To do ▸ Filter the data below, keeping only lines that contain "Saved".

Available records ▸
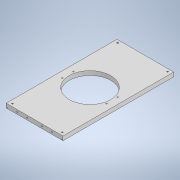
# Autodesk Inventor part: Grundplatte1.0
Saved by Autodesk Inventor 2021.3 (Build 253353000, 353)
## iProperties
Created: 2021-10-11
Part Number: Grundplatte1.0
Material: Generisch
Document SubType Name: Modeling
Designer: bhelg
Density: 1 g/cm^3
Appearance: Vorgabe
Author: bhelg
Autodesk Inventor part; units mm, degrees
ref_plane "YZ Plane" through (0, 0, 0) normal (1, 0, 0) x (0, 1, 0)
ref_plane "XZ Plane" through (0, 0, 0) normal (0, 1, 0) x (-1, 0, 0)
ref_plane "XY Plane" through (0, 0, 0) normal (0, 0, 1) x (1, 0, 0)
sketch "Skizze2" plane through (0, 0, 0) normal (0, 1, 0) x (-1, 0, 0)
  circle A0 centre (0, 0) radius 75
  line L0 (-102.5, -200) -> (102.5, -200)
  line L1 (102.5, -200) -> (102.5, 200)
  line L2 (102.5, 200) -> (-102.5, 200)
  line L3 (-102.5, 200) -> (-102.5, -200)
  line L4 (-102.5, -200) -> (102.5, 200) construction
  line L5 (102.5, -200) -> (-102.5, 200) construction
  dimension "d8" = 150
  dimension "d9" = 205
  dimension "d10" = 400
  constraints: 12 end point, 2 midpoint, 2 parallel, 1 centre point, 1 coincident, 1 horizontal, 1 perpendicular
  measures "d8" diameter of A0
  measures "d9" distance of L2.end L1.end
  measures "d10" distance of L1.end L0.end
extrude "Extrusion1" add sketch "Skizze2" along normal blind 15
sketch "Skizze3" plane through (0, 0, 0) normal (0, -1, 0) x (1, 0, 0)
  line L0 (-90, -190) -> (90, -190)
  line L1 (90, -190) -> (90, 190)
  line L2 (90, 190) -> (-90, 190)
  line L3 (-90, 190) -> (-90, -190)
  line L4 (-90, -190) -> (90, 190) construction
  line L5 (90, -190) -> (-90, 190) construction
  point P0 (0, 0)
  dimension "d13" = 180
  dimension "d14" = 380
  constraints: 12 end point, 2 midpoint, 2 parallel, 1 horizontal, 1 perpendicular
  measures "d13" distance of L2.end L1.end
  measures "d14" distance of L1.end L0.end
hole "Bohrung1" at (90, 0, -190) at (-90, 0, -190) at (-90, 0, 190) at (90, 0, 190) direction (0, 1, 0) diameter 4.917 end through all thread size "M6x1" class "6H" standard "ISO Metric profile"
sketch "Skizze4" plane through (-102.5, 0, 200) normal (0, 0, 1) x (1, 0, 0)
  line L0 (0, 0) -> (0, 15) projected
  line L1 (0, 0) -> (205, 0) projected
  line L2 (205, 0) -> (205, 15) projected
  point P0 (102.5, 0)
  point P1 (40, 7.5)
  point P2 (165, 7.5)
  point P3 (76, 7.5)
  point P4 (129, 7.5)
  dimension "d23" = 40
  dimension "d24" = 7.5
  dimension "d25" = 7.5
  dimension "d44" = 36
  dimension "d45" = 36
  dimension "d46" = 7.5
  dimension "d47" = 7.5
  dimension "d48" = 40
  measures "d23" distance from line of L0 point (40, 7.5)
  measures "d24" distance from line of point (40, 7.5) L1
  measures "d25" distance from line of L1 point (165, 7.5)
  measures "d44" distance of point (76, 7.5) point (40, 7.5)
  measures "d45" distance of point (165, 7.5) point (129, 7.5)
  measures "d46" distance from line of point (76, 7.5) L1
  measures "d47" distance from line of point (129, 7.5) L1
  measures "d48" distance from line of L2 point (165, 7.5)
sketch "Skizze5" plane through (102.5, 0, -200) normal (0, 0, -1) x (-1, 0, 0)
  line L0 (205, 0) -> (205, 15) projected
  line L1 (0, 0) -> (205, 0) projected
  line L2 (0, 0) -> (0, 15) projected
  point P0 (102.5, 0)
  point P1 (40, 7.5)
  point P2 (165, 7.5)
  point P3 (76, 7.5)
  point P4 (129, 7.5)
  dimension "d27" = 40
  dimension "d28" = 7.5
  dimension "d29" = 7.5
  dimension "d49" = 7.5
  dimension "d50" = 7.5
  dimension "d51" = 36
  dimension "d52" = 36
  dimension "d53" = 40
  measures "d27" distance from line of L0 point (165, 7.5)
  measures "d28" distance from line of L1 point (40, 7.5)
  measures "d29" distance from line of L1 point (165, 7.5)
  measures "d49" distance from line of point (76, 7.5) L1
  measures "d50" distance from line of L1 point (129, 7.5)
  measures "d51" distance of point (76, 7.5) point (40, 7.5)
  measures "d52" distance of point (165, 7.5) point (129, 7.5)
  measures "d53" distance from line of point (40, 7.5) L2
hole "Bohrung4" at (62.5, 7.5, -200) at (26.5, 7.5, -200) at (-26.5, 7.5, -200) at (-62.5, 7.5, -200) direction (0, 0, 1) diameter 4.134 depth 14.2 tip angle 118 thread size "M5x0.8" class "6H" standard "ISO Metric profile"
hole "Bohrung5" at (-62.5, 7.5, 200) at (62.5, 7.5, 200) at (-26.5, 7.5, 200) at (26.5, 7.5, 200) direction (0, 0, -1) diameter 4.134 depth 14.2 tip angle 118 thread size "M5x0.8" class "6H" standard "ISO Metric profile"
sketch "Skizze6" plane through (0, 0, 0) normal (0, -1, 0) x (1, 0, 0)
  line L0 (99, 200) -> (99, -200)
  line L1 (102.5, 200) -> (102.5, -200) projected
  line L2 (96.5, 200) -> (96.5, -200)
  line L3 (-99, -200) -> (-99, 200)
  line L4 (-96.5, -200) -> (-96.5, 200)
  line L5 (102.5, -200) -> (-102.5, -200) projected
  line L6 (96.5, -200) -> (99, -200)
  line L7 (-96.5, -200) -> (-99, -200)
  line L8 (-102.5, 200) -> (102.5, 200) projected
  line L9 (-96.5, 200) -> (-99, 200)
  line L10 (99, 200) -> (96.5, 200)
  line L11 (-102.5, -200) -> (-102.5, 200) projected
  point P0 (0, 0)
  point P1 (96.5, 200)
  dimension "d68" = 2.5
  dimension "d70" = 2.5
  dimension "d84" = 198
  dimension "d85" = 99
  constraints: 16 end point, 8 point on line, 2 parallel, 2 vertical
  measures "d68" distance between parallel lines of L2 L0
  measures "d70" distance between parallel lines of L3 L4
  measures "d84" distance between parallel lines of L3 L0
  measures "d85" distance from line of point (0, 0) L0
extrude "Extrusion2" cut sketch "Skizze6" against normal blind 2.5 contours L0 L5 L2 L8 | L4 L5 L3 L8
sketch "Skizze7" plane through (0, 0, 0) normal (0, -1, 0) x (1, 0, 0)
  line L0 (-80, -20) -> (80, -20)
  line L1 (80, -20) -> (80, 20)
  line L2 (80, 20) -> (-80, 20)
  line L3 (-80, 20) -> (-80, -20)
  line L4 (-80, -20) -> (80, 20) construction
  line L5 (80, -20) -> (-80, 20) construction
  point P0 (0, 0)
  dimension "d74" = 160
  dimension "d75" = 40
  constraints: 12 end point, 2 midpoint, 2 parallel, 1 horizontal, 1 perpendicular
  measures "d74" distance of L2.end L1.end
  measures "d75" distance of L0.end L1.end
hole "Bohrung6" at (-80, 0, 20) at (-80, 0, -20) at (80, 0, -20) at (80, 0, 20) direction (0, 1, 0) diameter 4.134 end through all thread size "M5x0.8" class "6H" standard "ISO Metric profile"
equation "\"d70\" = d68"
equation "\"d85\" = 0.5 * d84"
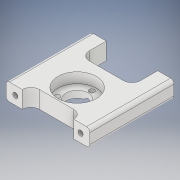
# Autodesk Inventor part: Motorhalterung leicht versuch dünn
Saved by Autodesk Inventor 2018 (Build 220112000, 112)
## iProperties
Created: 2019-03-03
Part Number: Motorhalterung leicht versuch dünn
Material: ABS-Kunststoff
Document SubType Name: Modeling
Designer: RedBots
Density: 0.455903 g/cm^3
Appearance: Weiß
Mass: 11 g
Surface Area: 91.5152 cm^2
Volume: 24.1279 cm^3
Author: RedBots
Autodesk Inventor part; units mm, degrees
ref_plane "YZ Plane" through (0, 0, 0) normal (1, 0, 0) x (0, 1, 0)
ref_plane "XZ Plane" through (0, 0, 0) normal (0, 1, 0) x (-1, 0, 0)
ref_plane "XY Plane" through (0, 0, 0) normal (0, 0, 1) x (1, 0, 0)
sketch "Skizze2" plane through (0, 0, 0) normal (0, 0, 1) x (1, 0, 0)
  line L0 (0, 0) -> (49, 0)
  line L1 (0, 0) -> (49, 0) construction
  line L2 (49, 0) -> (49, 49)
  line L3 (49, 49) -> (0, 49)
  line L4 (0, 49) -> (0, 0)
  dimension "d16" = 49
  dimension "d18" = 49
  constraints: 10 end point, 2 equal length, 2 horizontal, 2 perpendicular
  measures "d16" distance of L0.start L0.end
  measures "d18" distance of L0.end L2.end
extrude "Extrusion1" add sketch "Skizze2" along normal blind 10
sketch "Skizze3" plane through (0, 0, 10) normal (0, 0, 1) x (1, 0, 0)
  circle A0 centre (24.5, 17) radius 11.25
  line L0 (0, 49) -> (0, 0) construction
  line L1 (0, 17) -> (49, 17) construction
  line L2 (49, 0) -> (49, 49) construction
  line L3 (0, 0) -> (49, 0) construction
  dimension "d72" = 22.5
  dimension "d73" = 17
  constraints: 2 end point, 2 point on line, 1 centre point, 1 coincident, 1 horizontal, 1 midpoint
  measures "d72" diameter of A0
  measures "d73" distance between parallel lines of L3 L1
extrude "Extrusion2" cut sketch "Skizze3" against normal blind 6
sketch "Skizze4" plane through (24.5, 17, 4) normal (0, 0, 1) x (1, 0, 0)
  circle A0 centre (7.3612, -4.25) radius 1.5
  circle A1 centre (0, 8.5) radius 1.5
  circle A2 centre (-7.3612, -4.25) radius 1.5
  line L0 (0, 0) -> (0, 8.5) construction
  line L1 (-24.5, -17) -> (24.5, -17) construction
  circle A3 centre (0, 0) radius 11.25 construction
  line L2 (0, -17) -> (0, 0) construction
  line L3 (0, 0) -> (7.3612, -4.25) construction
  line L4 (0, 0) -> (-7.3612, -4.25) construction
  circle A4 centre (0, 0) radius 6.5
  dimension "d37" = 3
  dimension "d42" = 3
  dimension "d43" = 3
  dimension "d90" = 8.5
  dimension "d91" = 120
  dimension "d92" = 120
  dimension "d93" = 13
  constraints: 8 end point, 4 centre point, 4 coincident, 2 equal length, 2 vertical, 1 midpoint
  measures "d37" diameter of A0
  measures "d42" diameter of A1
  measures "d43" diameter of A2
  measures "d90" distance of L0.start L0.end
  measures "d91" angle of L3 L0
  measures "d92" angle of L0 L4
  measures "d93" diameter of A4
extrude "Extrusion3" cut sketch "Skizze4" against normal up to next
sketch "Skizze9" plane through (0, 49, 0) normal (0, 1, 0) x (1, 0, 0)
  line L0 (24.5, -5) -> (43.5, -5) construction
  circle A0 centre (5.5, -5) radius 1.5
  circle A1 centre (43.5, -5) radius 1.5
  line L1 (0, -10) -> (49, -10) construction
  line L2 (24.5, -10) -> (24.5, 0) construction
  line L3 (49, 0) -> (0, 0) construction
  line L4 (5.5, -5) -> (24.5, -5) construction
  dimension "d58" = 3
  dimension "d89" = 19
  constraints: 7 end point, 3 midpoint, 2 centre point, 2 collinear, 1 coincident, 1 equal radius, 1 horizontal, 1 vertical
  measures "d58" diameter of A0
  measures "d89" distance of L0.start L0.end
extrude "Extrusion6" cut sketch "Skizze9" against normal blind 56
sketch "Skizze12" plane through (0, 0, 0) normal (0, 0, -1) x (-1, 0, 0)
  circle A0 centre (-24.5, 25.5) radius 1.5 projected
  circle A1 centre (-24.5, 25.5) radius 3
  circle A2 centre (-17.1388, 12.75) radius 1.5 projected
  circle A3 centre (-17.1388, 12.75) radius 3
  circle A4 centre (-31.8612, 12.75) radius 1.5 projected
  circle A5 centre (-31.8612, 12.75) radius 3
  point P0 (0, 0)
  dimension "d80" = 6
  dimension "d81" = 6
  dimension "d82" = 6
  constraints: 3 centre point, 3 coincident
  measures "d80" diameter of A1
  measures "d81" diameter of A3
  measures "d82" diameter of A5
extrude "Extrusion8" cut sketch "Skizze12" against normal blind 0.16
chamfer "Fase3" distance 1.5 angle 45 3 edges at (23, 25.5, 0.16) (30.3612, 12.75, 0.16) (15.6388, 12.75, 0.16)
fillet "Rundung2" radius 0.5 3 edges at (23, 25.5, 1.66) (30.3612, 12.75, 1.66) (15.6388, 12.75, 1.66)
sketch "Skizze14" plane through (0, 0, 0) normal (0, 0, -1) x (-1, 0, 0)
  line L0 (-39.5, 49) -> (-9.5, 49)
  line L1 (-9.5, 49) -> (-9.5, 34)
  line L2 (-9.5, 34) -> (-39.5, 34)
  line L3 (-39.5, 34) -> (-39.5, 49)
  line L4 (-49, 49) -> (0, 49) projected
  line L5 (-49, 0) -> (-49, 49) construction
  line L6 (0, 49) -> (0, 0) construction
  line L7 (-39.5, 0) -> (-9.5, 0)
  line L8 (-9.5, 0) -> (-9.5, 5)
  line L9 (-9.5, 5) -> (-39.5, 5)
  line L10 (-39.5, 5) -> (-39.5, 0)
  line L11 (0, 0) -> (-49, 0) projected
  point P0 (-24.5, 49)
  point P1 (-24.5, 0)
  point P2 (-24.5, 0)
  dimension "d95" = 15
  dimension "d96" = 30
  dimension "d101" = 5
  constraints: 16 end point, 6 midpoint, 3 horizontal, 3 parallel, 2 vertical, 1 perpendicular
  measures "d95" distance of L0.end L1.end
  measures "d96" distance between parallel lines of L1 L3
  measures "d101" distance of L7.end L9.start
extrude "Extrusion9" cut sketch "Skizze14" against normal up to next
fillet "Rundung3" radius 5 4 edges at (39.5, 34, 5) (9.5, 34, 5) (39.5, 5, 5) (9.5, 5, 5)
fillet "Rundung4" radius 2 4 edges at (49, 24.5, 10) (49, 24.5, 0) (0, 24.5, 0) (0, 24.5, 10)

Solution for this task ▸
Saved by Autodesk Inventor 2021.3 (Build 253353000, 353)
Saved by Autodesk Inventor 2018 (Build 220112000, 112)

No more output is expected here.